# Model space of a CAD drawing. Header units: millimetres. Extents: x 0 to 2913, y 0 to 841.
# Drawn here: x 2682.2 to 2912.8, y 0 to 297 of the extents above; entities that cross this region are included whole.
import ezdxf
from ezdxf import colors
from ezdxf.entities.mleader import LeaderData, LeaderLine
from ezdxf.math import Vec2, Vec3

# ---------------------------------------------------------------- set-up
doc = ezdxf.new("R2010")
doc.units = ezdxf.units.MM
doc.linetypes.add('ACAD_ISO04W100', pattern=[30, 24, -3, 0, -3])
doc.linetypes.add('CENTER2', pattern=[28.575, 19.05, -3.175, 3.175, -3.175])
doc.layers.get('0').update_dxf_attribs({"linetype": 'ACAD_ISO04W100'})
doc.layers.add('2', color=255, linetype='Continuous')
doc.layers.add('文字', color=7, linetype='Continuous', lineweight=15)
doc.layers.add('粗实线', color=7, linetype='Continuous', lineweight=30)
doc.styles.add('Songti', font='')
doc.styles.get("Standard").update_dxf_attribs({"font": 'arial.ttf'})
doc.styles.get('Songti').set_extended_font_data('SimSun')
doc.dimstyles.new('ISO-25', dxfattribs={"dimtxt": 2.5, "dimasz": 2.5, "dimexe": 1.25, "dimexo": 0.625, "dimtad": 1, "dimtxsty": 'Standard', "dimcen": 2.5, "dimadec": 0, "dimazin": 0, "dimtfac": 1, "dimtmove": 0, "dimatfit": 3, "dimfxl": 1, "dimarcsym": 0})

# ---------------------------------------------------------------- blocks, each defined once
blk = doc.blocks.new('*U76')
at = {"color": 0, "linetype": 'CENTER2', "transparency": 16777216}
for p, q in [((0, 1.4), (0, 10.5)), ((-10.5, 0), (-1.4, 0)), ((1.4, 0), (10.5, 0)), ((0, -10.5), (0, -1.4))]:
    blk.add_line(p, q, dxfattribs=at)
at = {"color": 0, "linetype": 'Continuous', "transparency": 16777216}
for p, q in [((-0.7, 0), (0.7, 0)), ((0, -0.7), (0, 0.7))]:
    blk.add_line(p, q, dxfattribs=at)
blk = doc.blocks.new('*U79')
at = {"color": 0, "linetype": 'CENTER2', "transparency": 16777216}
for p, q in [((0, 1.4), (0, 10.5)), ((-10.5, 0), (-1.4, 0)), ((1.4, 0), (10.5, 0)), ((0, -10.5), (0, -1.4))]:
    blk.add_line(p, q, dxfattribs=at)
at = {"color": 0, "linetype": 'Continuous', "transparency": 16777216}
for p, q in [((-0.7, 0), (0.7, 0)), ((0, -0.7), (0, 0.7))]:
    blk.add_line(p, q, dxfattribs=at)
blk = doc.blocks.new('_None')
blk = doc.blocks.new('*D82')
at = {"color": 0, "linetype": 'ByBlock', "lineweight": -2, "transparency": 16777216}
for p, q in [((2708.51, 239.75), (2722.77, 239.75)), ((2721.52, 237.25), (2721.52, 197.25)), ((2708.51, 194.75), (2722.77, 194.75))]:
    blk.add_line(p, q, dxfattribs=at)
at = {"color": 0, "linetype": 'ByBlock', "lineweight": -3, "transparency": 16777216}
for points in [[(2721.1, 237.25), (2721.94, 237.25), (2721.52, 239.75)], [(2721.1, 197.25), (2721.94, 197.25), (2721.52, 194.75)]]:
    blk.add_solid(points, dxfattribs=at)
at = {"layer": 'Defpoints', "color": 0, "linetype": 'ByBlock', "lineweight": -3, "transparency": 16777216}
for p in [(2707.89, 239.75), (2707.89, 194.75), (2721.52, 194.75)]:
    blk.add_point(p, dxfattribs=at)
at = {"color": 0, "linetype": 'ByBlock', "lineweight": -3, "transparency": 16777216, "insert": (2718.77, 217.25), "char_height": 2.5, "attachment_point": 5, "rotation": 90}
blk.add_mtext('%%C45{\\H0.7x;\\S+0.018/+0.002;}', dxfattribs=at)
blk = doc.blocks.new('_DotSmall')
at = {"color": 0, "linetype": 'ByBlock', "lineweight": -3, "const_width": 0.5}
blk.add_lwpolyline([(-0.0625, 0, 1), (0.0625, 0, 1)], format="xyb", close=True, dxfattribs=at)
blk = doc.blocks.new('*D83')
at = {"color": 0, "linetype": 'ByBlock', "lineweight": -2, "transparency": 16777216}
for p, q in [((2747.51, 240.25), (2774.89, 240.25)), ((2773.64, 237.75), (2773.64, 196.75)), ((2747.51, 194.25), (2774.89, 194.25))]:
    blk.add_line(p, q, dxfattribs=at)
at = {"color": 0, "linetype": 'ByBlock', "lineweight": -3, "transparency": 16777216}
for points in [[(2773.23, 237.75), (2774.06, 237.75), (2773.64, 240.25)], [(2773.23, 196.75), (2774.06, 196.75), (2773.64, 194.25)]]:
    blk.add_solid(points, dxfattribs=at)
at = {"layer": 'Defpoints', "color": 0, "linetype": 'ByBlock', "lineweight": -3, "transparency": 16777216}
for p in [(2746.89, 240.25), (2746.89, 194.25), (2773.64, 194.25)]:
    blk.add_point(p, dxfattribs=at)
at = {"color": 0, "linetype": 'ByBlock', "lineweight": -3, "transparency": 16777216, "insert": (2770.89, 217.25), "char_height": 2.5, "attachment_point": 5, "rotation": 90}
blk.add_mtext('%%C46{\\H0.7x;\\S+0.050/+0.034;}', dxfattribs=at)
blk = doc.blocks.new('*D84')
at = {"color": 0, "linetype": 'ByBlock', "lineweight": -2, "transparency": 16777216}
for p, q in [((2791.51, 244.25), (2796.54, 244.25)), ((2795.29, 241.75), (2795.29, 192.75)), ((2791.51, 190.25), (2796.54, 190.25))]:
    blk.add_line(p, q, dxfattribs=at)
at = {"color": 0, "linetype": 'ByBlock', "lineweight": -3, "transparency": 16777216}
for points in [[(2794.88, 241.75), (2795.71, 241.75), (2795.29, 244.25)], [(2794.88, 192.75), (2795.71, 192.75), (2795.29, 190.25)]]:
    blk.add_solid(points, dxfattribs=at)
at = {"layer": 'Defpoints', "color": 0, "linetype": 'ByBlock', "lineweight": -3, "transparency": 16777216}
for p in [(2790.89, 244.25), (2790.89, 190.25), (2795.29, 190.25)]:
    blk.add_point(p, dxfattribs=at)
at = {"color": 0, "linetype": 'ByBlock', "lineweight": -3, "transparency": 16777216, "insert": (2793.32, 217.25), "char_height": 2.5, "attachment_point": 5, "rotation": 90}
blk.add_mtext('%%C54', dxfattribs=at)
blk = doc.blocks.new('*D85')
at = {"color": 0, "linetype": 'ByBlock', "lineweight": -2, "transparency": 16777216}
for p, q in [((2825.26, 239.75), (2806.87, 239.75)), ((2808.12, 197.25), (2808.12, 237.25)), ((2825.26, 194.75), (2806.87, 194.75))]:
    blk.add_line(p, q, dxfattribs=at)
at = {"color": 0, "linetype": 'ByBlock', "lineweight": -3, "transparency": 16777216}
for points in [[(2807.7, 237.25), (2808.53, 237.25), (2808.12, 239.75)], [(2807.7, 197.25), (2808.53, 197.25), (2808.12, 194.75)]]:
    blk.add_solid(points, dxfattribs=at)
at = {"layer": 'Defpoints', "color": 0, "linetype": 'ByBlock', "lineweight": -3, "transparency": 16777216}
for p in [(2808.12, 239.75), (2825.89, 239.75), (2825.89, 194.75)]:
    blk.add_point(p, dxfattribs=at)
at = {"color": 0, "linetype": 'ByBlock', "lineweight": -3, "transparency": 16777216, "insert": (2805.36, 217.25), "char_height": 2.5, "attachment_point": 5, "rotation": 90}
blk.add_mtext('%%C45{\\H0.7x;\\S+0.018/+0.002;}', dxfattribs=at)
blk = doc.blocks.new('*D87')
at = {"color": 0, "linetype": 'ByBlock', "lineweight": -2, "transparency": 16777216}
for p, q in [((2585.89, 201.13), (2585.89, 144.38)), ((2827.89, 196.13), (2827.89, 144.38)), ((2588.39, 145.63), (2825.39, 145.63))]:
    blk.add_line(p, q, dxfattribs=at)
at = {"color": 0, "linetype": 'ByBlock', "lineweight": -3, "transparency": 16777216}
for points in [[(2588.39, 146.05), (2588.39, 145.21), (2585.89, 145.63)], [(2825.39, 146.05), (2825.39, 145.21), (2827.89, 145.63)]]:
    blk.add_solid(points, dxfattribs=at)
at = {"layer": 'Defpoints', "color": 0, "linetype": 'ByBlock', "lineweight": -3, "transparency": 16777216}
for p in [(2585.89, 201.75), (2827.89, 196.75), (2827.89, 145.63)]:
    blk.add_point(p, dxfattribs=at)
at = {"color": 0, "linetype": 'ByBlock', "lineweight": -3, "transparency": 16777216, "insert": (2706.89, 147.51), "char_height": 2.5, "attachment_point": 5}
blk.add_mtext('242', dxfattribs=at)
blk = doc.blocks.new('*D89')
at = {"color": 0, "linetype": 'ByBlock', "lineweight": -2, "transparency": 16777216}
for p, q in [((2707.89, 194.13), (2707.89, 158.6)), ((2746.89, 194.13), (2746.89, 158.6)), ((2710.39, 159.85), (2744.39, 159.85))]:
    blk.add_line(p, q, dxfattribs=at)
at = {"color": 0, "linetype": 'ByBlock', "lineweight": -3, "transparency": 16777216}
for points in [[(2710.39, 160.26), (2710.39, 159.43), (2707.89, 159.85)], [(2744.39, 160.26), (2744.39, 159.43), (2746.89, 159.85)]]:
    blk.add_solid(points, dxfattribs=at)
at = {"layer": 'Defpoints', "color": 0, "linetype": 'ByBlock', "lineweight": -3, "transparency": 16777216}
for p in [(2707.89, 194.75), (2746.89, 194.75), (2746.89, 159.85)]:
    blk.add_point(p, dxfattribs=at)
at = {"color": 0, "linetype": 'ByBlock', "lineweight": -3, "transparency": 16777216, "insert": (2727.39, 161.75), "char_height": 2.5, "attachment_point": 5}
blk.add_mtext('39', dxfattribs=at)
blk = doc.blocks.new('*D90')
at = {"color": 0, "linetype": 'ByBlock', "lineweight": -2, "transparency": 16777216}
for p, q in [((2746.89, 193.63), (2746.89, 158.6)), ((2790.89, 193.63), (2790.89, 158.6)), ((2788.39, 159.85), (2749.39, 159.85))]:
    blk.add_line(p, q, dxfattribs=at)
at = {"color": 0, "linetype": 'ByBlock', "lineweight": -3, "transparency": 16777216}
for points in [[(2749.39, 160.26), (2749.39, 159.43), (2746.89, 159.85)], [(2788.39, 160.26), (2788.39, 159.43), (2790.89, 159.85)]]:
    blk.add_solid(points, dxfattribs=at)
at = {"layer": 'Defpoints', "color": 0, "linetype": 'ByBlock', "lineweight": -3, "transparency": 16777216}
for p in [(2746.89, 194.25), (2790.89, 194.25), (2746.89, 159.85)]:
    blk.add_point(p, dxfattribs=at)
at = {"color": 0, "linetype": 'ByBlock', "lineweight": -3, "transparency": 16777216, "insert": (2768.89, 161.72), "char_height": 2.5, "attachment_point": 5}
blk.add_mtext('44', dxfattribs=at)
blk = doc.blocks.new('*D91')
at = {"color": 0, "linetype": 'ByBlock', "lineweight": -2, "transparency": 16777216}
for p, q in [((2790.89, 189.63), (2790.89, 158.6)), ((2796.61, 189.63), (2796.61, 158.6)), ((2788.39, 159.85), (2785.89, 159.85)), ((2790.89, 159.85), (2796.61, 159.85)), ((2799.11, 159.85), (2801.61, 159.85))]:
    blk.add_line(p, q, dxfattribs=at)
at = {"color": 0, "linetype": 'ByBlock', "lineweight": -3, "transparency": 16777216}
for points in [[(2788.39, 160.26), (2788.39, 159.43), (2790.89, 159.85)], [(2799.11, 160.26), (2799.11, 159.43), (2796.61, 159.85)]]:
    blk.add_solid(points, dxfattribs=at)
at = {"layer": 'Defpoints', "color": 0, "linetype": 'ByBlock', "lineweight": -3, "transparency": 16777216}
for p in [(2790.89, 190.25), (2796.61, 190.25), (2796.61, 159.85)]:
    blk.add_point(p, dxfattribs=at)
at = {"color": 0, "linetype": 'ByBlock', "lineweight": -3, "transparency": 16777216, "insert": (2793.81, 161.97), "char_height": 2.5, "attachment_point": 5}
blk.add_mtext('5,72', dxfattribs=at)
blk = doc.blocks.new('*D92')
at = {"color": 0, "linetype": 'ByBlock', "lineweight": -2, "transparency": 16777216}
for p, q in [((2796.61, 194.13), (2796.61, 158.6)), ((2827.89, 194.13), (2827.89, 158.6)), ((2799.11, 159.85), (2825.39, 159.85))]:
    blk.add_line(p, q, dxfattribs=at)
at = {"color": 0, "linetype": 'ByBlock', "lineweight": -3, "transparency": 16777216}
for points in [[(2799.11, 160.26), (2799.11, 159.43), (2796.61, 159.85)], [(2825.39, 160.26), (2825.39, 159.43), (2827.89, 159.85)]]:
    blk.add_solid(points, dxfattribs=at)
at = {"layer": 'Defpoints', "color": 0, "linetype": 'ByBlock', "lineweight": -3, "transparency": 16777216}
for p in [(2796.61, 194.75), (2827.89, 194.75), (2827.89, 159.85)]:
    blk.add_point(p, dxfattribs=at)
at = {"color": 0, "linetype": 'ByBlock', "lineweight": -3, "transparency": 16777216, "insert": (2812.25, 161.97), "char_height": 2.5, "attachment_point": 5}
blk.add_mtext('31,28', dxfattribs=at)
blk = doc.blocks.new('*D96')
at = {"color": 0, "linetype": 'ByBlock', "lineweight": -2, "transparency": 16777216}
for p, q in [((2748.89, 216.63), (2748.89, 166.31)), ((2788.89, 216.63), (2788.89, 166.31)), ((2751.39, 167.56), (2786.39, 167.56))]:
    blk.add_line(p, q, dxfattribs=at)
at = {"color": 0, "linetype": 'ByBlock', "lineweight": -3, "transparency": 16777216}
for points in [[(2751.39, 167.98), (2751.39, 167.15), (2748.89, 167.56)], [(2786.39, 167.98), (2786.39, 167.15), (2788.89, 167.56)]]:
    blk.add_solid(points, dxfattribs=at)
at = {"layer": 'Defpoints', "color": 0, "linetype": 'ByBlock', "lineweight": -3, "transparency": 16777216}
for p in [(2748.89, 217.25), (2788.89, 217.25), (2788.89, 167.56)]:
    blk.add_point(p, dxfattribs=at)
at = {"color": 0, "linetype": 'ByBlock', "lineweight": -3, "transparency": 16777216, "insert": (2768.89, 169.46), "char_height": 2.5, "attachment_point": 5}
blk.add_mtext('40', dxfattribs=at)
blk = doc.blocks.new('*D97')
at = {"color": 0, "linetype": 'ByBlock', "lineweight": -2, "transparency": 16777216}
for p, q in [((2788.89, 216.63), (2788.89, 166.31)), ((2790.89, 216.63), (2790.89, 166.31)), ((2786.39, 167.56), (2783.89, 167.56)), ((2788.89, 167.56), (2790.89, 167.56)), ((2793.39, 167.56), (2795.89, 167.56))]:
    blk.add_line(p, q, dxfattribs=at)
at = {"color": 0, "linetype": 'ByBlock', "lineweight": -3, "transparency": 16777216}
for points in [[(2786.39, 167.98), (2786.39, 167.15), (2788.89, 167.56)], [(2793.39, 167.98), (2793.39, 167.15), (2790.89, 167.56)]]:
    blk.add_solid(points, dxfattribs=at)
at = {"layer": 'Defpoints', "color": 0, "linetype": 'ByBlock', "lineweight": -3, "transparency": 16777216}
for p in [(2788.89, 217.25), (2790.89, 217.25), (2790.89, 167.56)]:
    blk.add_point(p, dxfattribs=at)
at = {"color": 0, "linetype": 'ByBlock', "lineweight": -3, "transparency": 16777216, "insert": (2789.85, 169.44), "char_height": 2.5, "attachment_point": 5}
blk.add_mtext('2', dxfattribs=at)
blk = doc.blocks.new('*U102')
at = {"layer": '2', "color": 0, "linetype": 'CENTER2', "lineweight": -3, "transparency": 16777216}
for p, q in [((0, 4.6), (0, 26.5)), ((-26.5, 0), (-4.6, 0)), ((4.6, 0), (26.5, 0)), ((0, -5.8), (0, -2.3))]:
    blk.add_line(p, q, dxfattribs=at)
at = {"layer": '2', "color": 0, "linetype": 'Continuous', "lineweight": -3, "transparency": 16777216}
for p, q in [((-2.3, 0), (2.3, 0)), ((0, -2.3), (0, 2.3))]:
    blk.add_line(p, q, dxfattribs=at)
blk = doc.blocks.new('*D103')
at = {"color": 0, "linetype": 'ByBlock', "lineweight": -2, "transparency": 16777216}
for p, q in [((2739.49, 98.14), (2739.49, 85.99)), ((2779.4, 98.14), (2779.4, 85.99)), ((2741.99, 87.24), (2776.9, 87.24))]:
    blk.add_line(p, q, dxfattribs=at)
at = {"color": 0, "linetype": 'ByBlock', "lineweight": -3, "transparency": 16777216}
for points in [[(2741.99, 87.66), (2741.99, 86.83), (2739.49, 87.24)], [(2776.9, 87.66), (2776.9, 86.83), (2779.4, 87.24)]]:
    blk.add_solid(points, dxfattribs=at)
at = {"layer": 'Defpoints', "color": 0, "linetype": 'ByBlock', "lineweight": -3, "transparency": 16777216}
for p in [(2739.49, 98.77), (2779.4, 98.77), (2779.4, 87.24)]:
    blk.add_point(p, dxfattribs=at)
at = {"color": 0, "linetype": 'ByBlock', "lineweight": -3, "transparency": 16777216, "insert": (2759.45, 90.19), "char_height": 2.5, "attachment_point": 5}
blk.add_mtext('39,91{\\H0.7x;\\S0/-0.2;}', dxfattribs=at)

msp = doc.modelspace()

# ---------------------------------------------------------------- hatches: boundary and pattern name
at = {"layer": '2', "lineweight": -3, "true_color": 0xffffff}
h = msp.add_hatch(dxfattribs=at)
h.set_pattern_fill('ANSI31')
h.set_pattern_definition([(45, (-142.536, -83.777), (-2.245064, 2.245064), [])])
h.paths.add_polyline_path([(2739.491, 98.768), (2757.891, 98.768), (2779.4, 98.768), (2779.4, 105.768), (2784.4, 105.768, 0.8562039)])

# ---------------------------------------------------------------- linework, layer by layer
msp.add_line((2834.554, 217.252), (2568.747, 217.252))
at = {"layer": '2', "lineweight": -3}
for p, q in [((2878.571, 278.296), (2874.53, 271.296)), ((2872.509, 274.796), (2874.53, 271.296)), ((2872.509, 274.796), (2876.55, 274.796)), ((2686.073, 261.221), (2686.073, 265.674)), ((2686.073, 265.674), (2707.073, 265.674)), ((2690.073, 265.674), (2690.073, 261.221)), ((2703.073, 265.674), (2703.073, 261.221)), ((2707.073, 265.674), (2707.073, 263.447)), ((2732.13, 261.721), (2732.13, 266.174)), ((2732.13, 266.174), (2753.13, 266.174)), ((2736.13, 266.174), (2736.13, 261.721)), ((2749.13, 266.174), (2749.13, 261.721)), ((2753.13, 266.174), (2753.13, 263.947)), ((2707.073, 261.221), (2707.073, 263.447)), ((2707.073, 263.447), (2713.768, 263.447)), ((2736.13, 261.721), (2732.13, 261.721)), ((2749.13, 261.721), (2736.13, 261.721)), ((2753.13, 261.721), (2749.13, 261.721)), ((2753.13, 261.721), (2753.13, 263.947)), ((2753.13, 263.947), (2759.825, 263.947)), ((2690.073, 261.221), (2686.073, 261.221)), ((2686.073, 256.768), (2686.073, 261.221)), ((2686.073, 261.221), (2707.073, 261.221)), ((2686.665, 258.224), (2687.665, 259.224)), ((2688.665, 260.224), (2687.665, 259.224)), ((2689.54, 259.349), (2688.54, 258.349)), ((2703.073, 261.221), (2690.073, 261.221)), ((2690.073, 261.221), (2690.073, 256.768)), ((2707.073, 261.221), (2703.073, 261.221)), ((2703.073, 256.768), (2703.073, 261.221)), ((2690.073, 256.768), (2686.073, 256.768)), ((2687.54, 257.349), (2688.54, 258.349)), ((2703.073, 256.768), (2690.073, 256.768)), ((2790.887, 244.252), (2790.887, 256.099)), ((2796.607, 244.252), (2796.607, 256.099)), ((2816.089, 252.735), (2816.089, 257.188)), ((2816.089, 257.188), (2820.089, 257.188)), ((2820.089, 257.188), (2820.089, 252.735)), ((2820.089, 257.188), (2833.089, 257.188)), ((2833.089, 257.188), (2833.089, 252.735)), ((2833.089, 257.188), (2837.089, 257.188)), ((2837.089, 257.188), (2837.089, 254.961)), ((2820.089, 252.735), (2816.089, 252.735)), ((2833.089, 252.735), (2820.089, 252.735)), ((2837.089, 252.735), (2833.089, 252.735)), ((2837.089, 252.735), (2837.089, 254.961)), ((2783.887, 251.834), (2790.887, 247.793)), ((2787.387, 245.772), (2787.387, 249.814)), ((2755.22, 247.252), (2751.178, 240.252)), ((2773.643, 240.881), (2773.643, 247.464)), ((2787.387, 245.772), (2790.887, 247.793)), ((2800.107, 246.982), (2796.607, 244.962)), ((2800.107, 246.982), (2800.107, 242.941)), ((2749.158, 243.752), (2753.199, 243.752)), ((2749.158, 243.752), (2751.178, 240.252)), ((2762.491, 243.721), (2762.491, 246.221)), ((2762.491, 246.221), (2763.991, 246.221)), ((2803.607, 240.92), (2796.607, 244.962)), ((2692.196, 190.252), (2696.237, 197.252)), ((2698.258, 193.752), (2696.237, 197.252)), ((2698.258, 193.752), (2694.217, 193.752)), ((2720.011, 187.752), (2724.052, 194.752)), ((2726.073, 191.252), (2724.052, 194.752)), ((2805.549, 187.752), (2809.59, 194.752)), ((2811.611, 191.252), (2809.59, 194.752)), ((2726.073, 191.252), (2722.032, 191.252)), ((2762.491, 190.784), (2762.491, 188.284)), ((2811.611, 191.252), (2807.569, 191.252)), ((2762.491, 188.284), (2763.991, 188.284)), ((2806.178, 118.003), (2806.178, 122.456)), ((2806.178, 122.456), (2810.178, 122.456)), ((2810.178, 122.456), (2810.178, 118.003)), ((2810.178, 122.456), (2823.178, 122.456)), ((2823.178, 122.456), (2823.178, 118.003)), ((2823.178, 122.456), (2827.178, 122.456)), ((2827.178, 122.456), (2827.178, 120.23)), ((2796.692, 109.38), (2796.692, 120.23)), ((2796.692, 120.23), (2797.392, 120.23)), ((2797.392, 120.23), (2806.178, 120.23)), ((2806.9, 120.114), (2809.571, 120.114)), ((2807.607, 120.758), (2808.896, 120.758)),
+++++
Given the data above, transcribe exactly the lines from the one containing "from ezdxf.entities.mleader import" down to the one containing "blk = doc.blocks.new('_None')", and no others.

Exercise result:
from ezdxf.entities.mleader import LeaderData, LeaderLine
from ezdxf.math import Vec2, Vec3

# ---------------------------------------------------------------- set-up
doc = ezdxf.new("R2010")
doc.units = ezdxf.units.MM
doc.linetypes.add('ACAD_ISO04W100', pattern=[30, 24, -3, 0, -3])
doc.linetypes.add('CENTER2', pattern=[28.575, 19.05, -3.175, 3.175, -3.175])
doc.layers.get('0').update_dxf_attribs({"linetype": 'ACAD_ISO04W100'})
doc.layers.add('2', color=255, linetype='Continuous')
doc.layers.add('文字', color=7, linetype='Continuous', lineweight=15)
doc.layers.add('粗实线', color=7, linetype='Continuous', lineweight=30)
doc.styles.add('Songti', font='')
doc.styles.get("Standard").update_dxf_attribs({"font": 'arial.ttf'})
doc.styles.get('Songti').set_extended_font_data('SimSun')
doc.dimstyles.new('ISO-25', dxfattribs={"dimtxt": 2.5, "dimasz": 2.5, "dimexe": 1.25, "dimexo": 0.625, "dimtad": 1, "dimtxsty": 'Standard', "dimcen": 2.5, "dimadec": 0, "dimazin": 0, "dimtfac": 1, "dimtmove": 0, "dimatfit": 3, "dimfxl": 1, "dimarcsym": 0})

# ---------------------------------------------------------------- blocks, each defined once
blk = doc.blocks.new('*U76')
at = {"color": 0, "linetype": 'CENTER2', "transparency": 16777216}
for p, q in [((0, 1.4), (0, 10.5)), ((-10.5, 0), (-1.4, 0)), ((1.4, 0), (10.5, 0)), ((0, -10.5), (0, -1.4))]:
    blk.add_line(p, q, dxfattribs=at)
at = {"color": 0, "linetype": 'Continuous', "transparency": 16777216}
for p, q in [((-0.7, 0), (0.7, 0)), ((0, -0.7), (0, 0.7))]:
    blk.add_line(p, q, dxfattribs=at)
blk = doc.blocks.new('*U79')
at = {"color": 0, "linetype": 'CENTER2', "transparency": 16777216}
for p, q in [((0, 1.4), (0, 10.5)), ((-10.5, 0), (-1.4, 0)), ((1.4, 0), (10.5, 0)), ((0, -10.5), (0, -1.4))]:
    blk.add_line(p, q, dxfattribs=at)
at = {"color": 0, "linetype": 'Continuous', "transparency": 16777216}
for p, q in [((-0.7, 0), (0.7, 0)), ((0, -0.7), (0, 0.7))]:
    blk.add_line(p, q, dxfattribs=at)
blk = doc.blocks.new('_None')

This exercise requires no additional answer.